# Zertifikatprüfung in TLS-Verbindungen



## Goldfish (21. Feb 2015)

Hi, ich bin gerade massiv bei einer Kleinigkeit am Straucheln und finde leider keine Infos. 
Bei einer Zertifikatauthentifizierung wird doch in der Regel geprüft, ob der Aussteller des Zertifikats vertrauenswürdig ist, indem geprüft wird, ob der Aussteller eine CA ist. Wie genau wird dieser Punkt geprüft? Einfach über die installierten Zertifikate die bspw. im Browser oder im Windows-Stammzertifizierungsspeicher zu finden sind? Wenn ja, wäre dann ein Man-In-The-Middle Angriff nicht eine fatale Schwachstelle an diesem Punkt, wo der Angreifer selbst über ein von einer CA-signiertem Zertifikat verfügt? Dieser müsste doch nur einen key-Accesspoint unter Kontrolle haben, die Verbindung annehmen und dann gleicherweise diese Anfragen an den eigentlichen Zielort mit einer zweiten Verbindung weiterleiten. Hat dieser dann ein CA-signiertes Zertifikat würde es doch keine Beschwerden von der TLS-Verbindung geben und der Angreifer würde die gesamte Kommunikation lesen und kontrollieren können. Dies ist natürlich ein unwahrscheinliches Szenario, da es ja immerhin nicht so ohne weiteres machbar ist Accesspoints auf diese Art und Weise zu kontrollieren, aber der Gedanke beschäftigt mich doch.


----------



## Goldfish (24. Feb 2015)

Hab die Lösung mehr oder weniger selbst gefunden. Hier was meine Recherche ergeben hat, für die, die es interessiert.

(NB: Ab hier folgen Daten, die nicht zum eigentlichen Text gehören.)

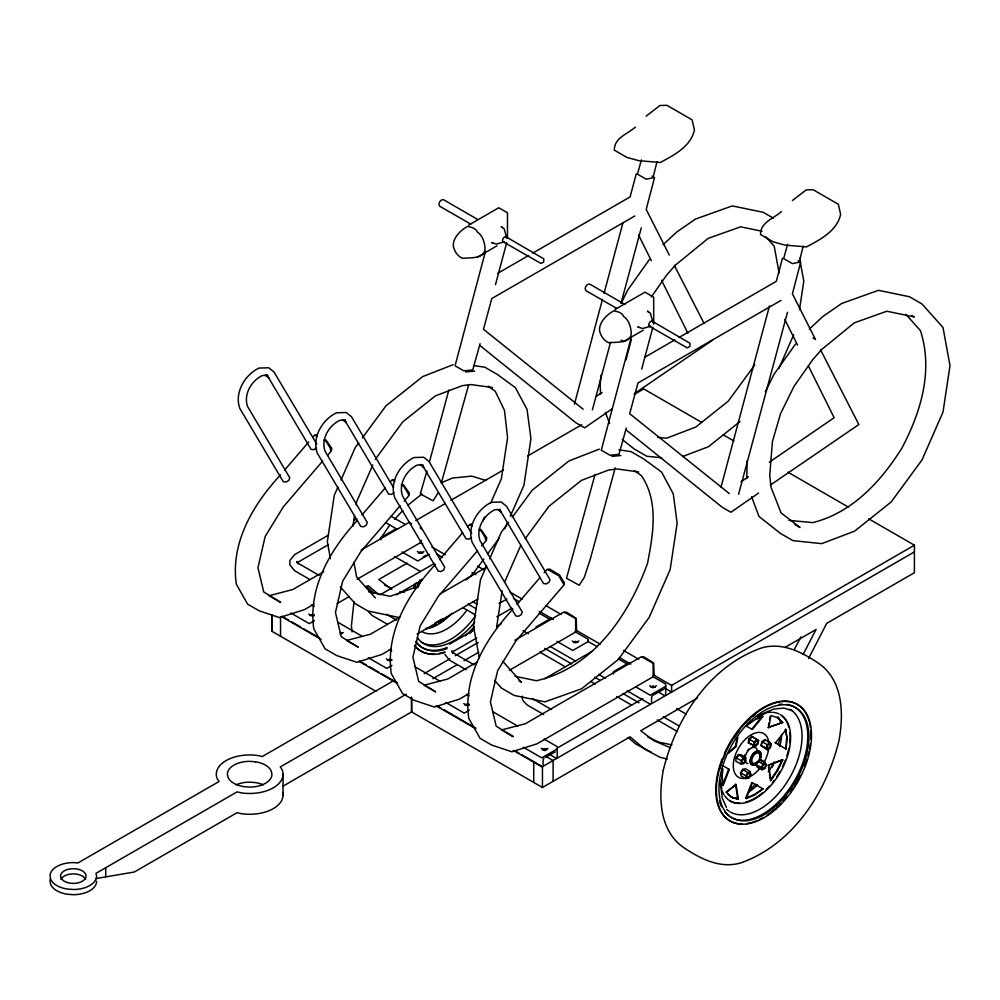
<?xml version="1.0" encoding="UTF-8"?>
<svg xmlns="http://www.w3.org/2000/svg" width="1000" height="1000" viewBox="0 0 1000 1000"><rect width="100%" height="100%" fill="white"/><g stroke="black" fill="none" stroke-linecap="round" stroke-linejoin="round"><path stroke-width="1.5" d="M745.738 761.087L745.775 757.525L741.038 754.788L738.462 754.55L735.888 757.763L735.888 761.188L740.625 763.925L743.487 763.888L745.775 760.95M601.05 375.062L600.163 384.225L600.55 394.125M625.938 360.05L631.325 339.562M747.113 461.012L746.762 478.537M353.963 601.888L351.388 625.962L352.113 631.938M721.95 778.925L721.888 772.938M723.238 785.288L729.25 769.525L728.688 769.2L722.688 784.963L723.238 785.288L722.138 776.213L722.925 768.825M786.575 738.375L786.025 749.05L787.125 738.688L785.462 729.3L787.125 738.688M799.5 309.7L803.787 281.2L799.587 258.325M758.612 740.6L751.737 736.35L748.913 739.038L748.3 742.763L755.6 746.213L758.075 743.85L758.612 740.6L751.737 736.35M352.912 526.213L354.525 515.55M356.138 504.875L356.6 501.825L372.8 465M496.587 627.4L502.125 590.812M753.662 745.312L754.2 742.062L756.675 739.712M768.462 725.962L769 722.9M769.525 719.85L770.062 716.787M768.763 727.812L770.875 715.575L777.613 717.65L782.775 722.45L768.2 727.487L782.775 722.45M730.175 750.962L735.462 746.388L736.775 739.513M728.612 753.112L736.025 746.712L737.862 737.087M771.388 744.463L769.725 742.275L764.987 739.538L762.038 741.6L760.825 745.438L767.312 749.95L770.325 747.812L771.475 744.038L767.925 741.988M656.988 161.8L652.975 177.787L646.2 179.213L637.475 174.175L641.375 159.85M803.2 246.213L799.175 262.2L792.412 263.625L783.688 258.587L787.588 244.262M485.487 251.312L455.062 365.8L463.787 370.838L472.713 369.95L480.087 343.663M631.3 337.238L601.275 450.213L610 455.25L618.925 454.363L626.3 428.075M495.475 284.7L506.675 242.763M574.425 404.162L602.463 299.312M604.062 293.325L622.9 222.925M636.25 173.825L630.1 196.912L532.725 253.125M641.688 369.113L652.875 327.175M721.025 487.075L769.5 305.837M782.463 258.238L776.312 281.325L678.938 337.537M592.375 409.913L610.562 342.212M621.075 303.1L641.275 227.875M738.575 494.325L787.487 312.288M429.412 462.013L448.85 389.988M595.062 474.4L566.512 578.263L579.237 585.25L584.312 577.35L590.312 558.975L615.225 467.863M468.612 384.938L441.337 483.038M764.887 768.525L766.637 764.737M426.962 470.95L420.312 493.85L433.025 500.838L438.1 492.938M767.738 749.625L766.213 748.075L767.262 744.725L769.85 742.913M748.662 778.112L750.863 774.538M763.037 788.85L751.838 782.575L745.662 798.238L746.225 798.55L754.625 794.975L763.037 788.85L754.075 794.663L747.062 797.638M746.225 798.55L752.387 782.887L751.838 782.575M337.962 486.925L334.275 495.325L327.325 541.75L330.4 558.65M341.037 479.925L355.163 447.713L358.775 442.788M482.663 521.325L484.525 517.075M490.763 502.912L501.35 478.837L507.575 437.675L504.5 410.462L495.275 391.325L488.175 386.225M486.625 565.737L480.487 579.738L473.525 626.163L479.412 658.425M489.7 558.737L501.362 532.125L508.612 522.263M504.8 528.825L507.275 523.2M510.363 516.163L523.938 485.225L530.938 438.738L527.062 409.45L515.413 387.675L497.45 374.513L484.85 367.238L474.212 365.625M504.688 581.987L520.875 545.163M778.888 368.475L793.7 334.725M421.213 541.263L421.637 540.312M765.025 768.375L761.938 769.862L757.2 767.138L755.987 764.7L757.15 762.175M762.438 769.55L761.375 767.425L762.9 764.112L765.438 762.3L760.7 759.562L758.725 760.462M777.05 770.4L782.212 759.65L782.775 759.963L777.613 770.725L770.875 780.575L770.325 780.25L777.05 770.4L777.613 770.725M621.163 303.275L627.85 289.85L649.388 259.55M765.375 391.712L774.062 374.263L795.6 343.963M794.425 649.312L800.9 636.862M803.15 654.35L816.1 629.462L785.075 647.375M808.55 658.562L826.737 623.325L914.412 572.712L914.412 545.2L868.625 518.775M748.863 777.9L745.825 778.688L741.087 775.95L740.475 772.95L742.688 769.375L745.512 768.8L750.25 771.538L750.788 774.775M746.388 778.4L745.837 775.775L747.775 772.65L750.25 772.15M380.15 539.138L389.775 525.05M651.35 296.913L666.6 275.163L675.512 265.038L708.125 238.4L740.65 226.812L762.013 231.275M375.288 459.338L402.75 421.9L435.275 395.938L462.35 385.637L470.962 384.562L492.488 387.537M525.163 538.763L548.95 506.325L581.487 480.35L608.55 470.05L617.163 468.975L638.7 471.95M754.75 364.95L728.325 401.075L695.837 427.025L666.65 438.188L657.675 437.35M362.4 437.85L385.962 405.825L422.675 376.587L453.125 364.688M512.238 517.337L532.163 490.238L568.888 461L599.338 449.1M483.85 559.038L472.038 575.125L466.1 579.85M487.488 554.087L499.312 537.987M343.225 632.513L340.138 634.3M426.25 555.175L423.162 556.962M544.15 750.3L545.1 749.062L545.1 750.75L544.288 749.538L542.2 749.075M652.638 687.675L653.587 686.438M786.025 729.625L775.537 742.8L774.987 742.475L786.025 749.05M741.225 763.688L741.225 760.688L743.487 757.875L745.738 758.088M762.487 716.038L751.838 729.112L752.387 729.438L763.037 716.35L754.625 719.925L746.225 726.062L752.387 729.438M280.525 474.85C253.238 504.288 230.387 542.537 236.3 584.138L247.638 604.15L259.262 610.862L279.413 617.575L304.425 609.663L313.888 604.2M284.55 470.15L308.712 441.987M312.738 437.287L314.75 434.938L317.337 436.438M315.375 435.513L317.075 434.775M322.587 461.125L283.325 506.9L265.175 536.45L257.962 567.7L263.688 591.938L280.763 602.425L269.137 595.712L292.812 589.525L323.725 571.675M327.625 455.262L331.65 450.562L326.375 441.65L323.8 440.163M357 520.763C330.1 549.9 307.975 587.85 313.788 628.875L325.138 648.888L336.75 655.6L356.9 662.312L381.925 654.4L391.388 648.938M362.038 514.888L385.2 487.9M390.225 482.025L392.238 479.688L394.825 481.175M392.863 480.25L394.562 479.513M408.525 494.738L409.35 493.188L403.275 484.55M400.087 505.863L360.812 551.638L342.663 581.188L335.45 612.438L341.175 636.675L358.25 647.163L346.625 640.462L370.3 634.263L399.875 617.188M404.113 501.175L409.137 495.3L403.862 486.388L401.287 484.9M435.5 564.325C408.212 593.763 385.363 632.013 391.275 673.612L402.625 693.625L414.25 700.337L434.387 707.05L459.412 699.137L468.875 693.675M439.525 559.637L462.688 532.638M467.725 526.763L469.738 524.425L472.312 525.913M477.575 550.612L438.3 596.388L420.15 625.925L412.938 657.175L418.663 681.413L435.737 691.9L424.125 685.2L447.788 679.013L477.362 661.925M481.6 545.913L486.637 540.037L481.362 531.125L478.775 529.637M512.987 609.062C485.7 638.5 462.85 676.75 468.762 718.35L480.112 738.363L491.737 745.075L511.875 751.787L536.9 743.875L653.138 676.775L653.138 663.35L641.513 656.637L525.275 723.75L501.613 729.938L513.237 736.637L496.163 726.15L490.425 701.912L497.65 670.662L515.788 641.125L564.125 584.788L558.85 575.875L547.225 569.163L544.2 572.675M517.013 604.375L540.175 577.375M547.837 569.725L549.538 568.987L559.475 574.938L564.325 582.663L563.5 584.212M394.588 519.263L402.738 510.662M407.837 505.275L421.9 494.025M544.062 758.075L543.088 759.75L543.088 764.788M663.112 244.7L676.612 232.113L695.525 219.05L732.288 205.912L763.2 212.3L773.275 218.125M809.325 329.113L822.825 316.525L841.737 303.463L878.5 290.325L909.412 296.725L922.013 303.988L943 327.475L950 365.625L943 412.1L922.013 459.925L891.175 501.975L854.638 531.138L821.688 543.638L792.962 540.638L780.375 533.375L758.95 516.388L751.6 496.75M755.6 746.213L748.3 742.763M725.925 792.138L736.025 784.513L738.388 799.338L731.65 797.25L728 794.062M736.025 784.513L726.488 792.463L731.65 797.25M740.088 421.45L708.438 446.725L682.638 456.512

Ich hatte nicht unrecht, es ist möglich, dass ein Angreifer eine TLS-Verbindung mit einem CA-Zertifikat aufbricht, ohne dass der Client dies merkt. Allerdings wäre das kein anonymer Angriff mehr, da der Angreifer, sofern er es nicht geschafft hat, ein solches Zertifikat zu hacken, mit diesem Zertifikat eindeutig identifiziert werden würde, weshalb der Angriff nicht zu empfehlen ist.
Um den Angriff zu bemerken, müssten jedoch regelmäßig die Verbindungslogs geprüft werden und nachgesehen werden, ob ein Server plötzlich ein anderes Zertifikat verwendet hat, als üblicherweise. Kann natürlich auch bei Zertifikatswechsel passieren, wenn das alte abgelaufen ist, weshalb man nicht sofort losschreien sollte. Aber prinzipiell lässt sich das nicht anders feststellen.


----------